I made a new directory:
b1 -> ../stuff/b1/ b5 -> ../stuff/b5/
This resulting in the error "Skipping '/home/peter/tmp/stuff2/b1' symlink to directory '/home/peter/tmp/stuff/b1' because it was already uploaded"
It only created "b5".
Then I tried
b0 -> ../stuff/b5/ b1 -> ../stuff/b1/
and got "Skipping '/home/peter/tmp/stuff2/b0' symlink to directory '/home/peter/tmp/stuff/b1' because it was already uploaded"
In this case it only created "b1".
The behavior seems sensitive to sort order.
I believe the correct behavior should be copy everything as if they were regular files and directories, except when symlinks create a infinite loop.
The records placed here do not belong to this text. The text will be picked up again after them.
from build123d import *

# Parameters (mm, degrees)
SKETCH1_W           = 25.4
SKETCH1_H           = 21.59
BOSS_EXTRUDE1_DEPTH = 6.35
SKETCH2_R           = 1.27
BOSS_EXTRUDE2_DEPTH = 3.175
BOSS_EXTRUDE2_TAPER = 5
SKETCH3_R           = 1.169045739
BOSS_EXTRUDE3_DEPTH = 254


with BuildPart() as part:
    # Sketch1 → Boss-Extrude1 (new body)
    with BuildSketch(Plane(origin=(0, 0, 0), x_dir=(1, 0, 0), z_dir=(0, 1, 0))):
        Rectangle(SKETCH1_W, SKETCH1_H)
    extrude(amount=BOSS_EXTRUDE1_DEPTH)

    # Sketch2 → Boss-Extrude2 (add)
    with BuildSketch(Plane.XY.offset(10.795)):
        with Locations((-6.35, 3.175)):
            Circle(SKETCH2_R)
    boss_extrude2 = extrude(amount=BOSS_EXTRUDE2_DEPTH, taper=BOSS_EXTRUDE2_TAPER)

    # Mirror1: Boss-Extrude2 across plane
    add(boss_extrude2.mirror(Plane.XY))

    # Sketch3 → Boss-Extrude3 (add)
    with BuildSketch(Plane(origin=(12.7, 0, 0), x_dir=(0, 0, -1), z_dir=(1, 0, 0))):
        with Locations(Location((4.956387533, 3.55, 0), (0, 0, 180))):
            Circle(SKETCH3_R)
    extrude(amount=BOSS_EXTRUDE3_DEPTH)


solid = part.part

When you detect that something is a symlink to something that has already been uploaded, you can make a copy within the Collection (that should go for both file and directories).
Updated by Peter Amstutz over 7 years ago
Suggest maybe you keep a mapping of local file path to its location in the collection, after calling realpath(), check if the file has already been uploaded and if so copy it within the collection.
You might need a slightly different strategy for detecting symlink cycles.
Updated by Lucas Di Pentima over 7 years ago
Updates at 4d012b23a
Test run: https://ci.curoverse.com/job/developer-run-tests/266/
As discussed on the chat, I focused on fixing the regression, that is, the fact that this new arv-put
didn't followed symlinked directories.
Fixed faulty behavior when asking to not follow symlinks, it is now ignoring both files and directories.
Also Peter asked me to enhance the error message when passing a non existant path, so now instead of printing a huge backtrace, it will log a proper message.
After this is merged, I'll continue adding the remaining features and fixes related to symlink recursion and duplication.
Updated by Peter Amstutz over 7 years ago
11579-arvput-follow-symlinks @ 4d012b23a4ac88f433986054fc0085ee6714b5b3
The "file not found" message is still printing a backtrace?
2017-05-02 09:46:36 arvados.arv_put[22714] INFO: Creating new cache file at /home/peter/.cache/arvados/arv-put/7ca31b0f6a86bfebd692b4b00d1192ed 0 2017-05-02 09:46:36 arvados.arv_put[22714] WARNING: Abnormal termination: Traceback (most recent call last): File "/home/peter/work/scripts/venv/local/lib/python2.7/site-packages/arvados_python_client-0.1.20170501210502-py2.7.egg/arvados/commands/put.py", line 438, in start raise PathDoesNotExistError("file or directory '{}' does not exist.".format(path)) PathDoesNotExistError: file or directory 'stuff3' does not exist. 2017-05-02 09:46:36 arvados.arv_put[22714] ERROR: arv-put: file or directory 'stuff3' does not exist.
Rest LGTM
Updated by Lucas Di Pentima over 7 years ago
Updated code & merged master at fe45b1b66c730f2546d78a7899375707c0816518
Running tests before merging to master: https://ci.curoverse.com/job/developer-run-tests/267/
Updated by Lucas Di Pentima over 7 years ago
- Status changed from In Progress to Resolved
- % Done changed from 0 to 100
Applied in changeset arvados|commit:613155d587da60dbe04c7635649b1f3694938adc.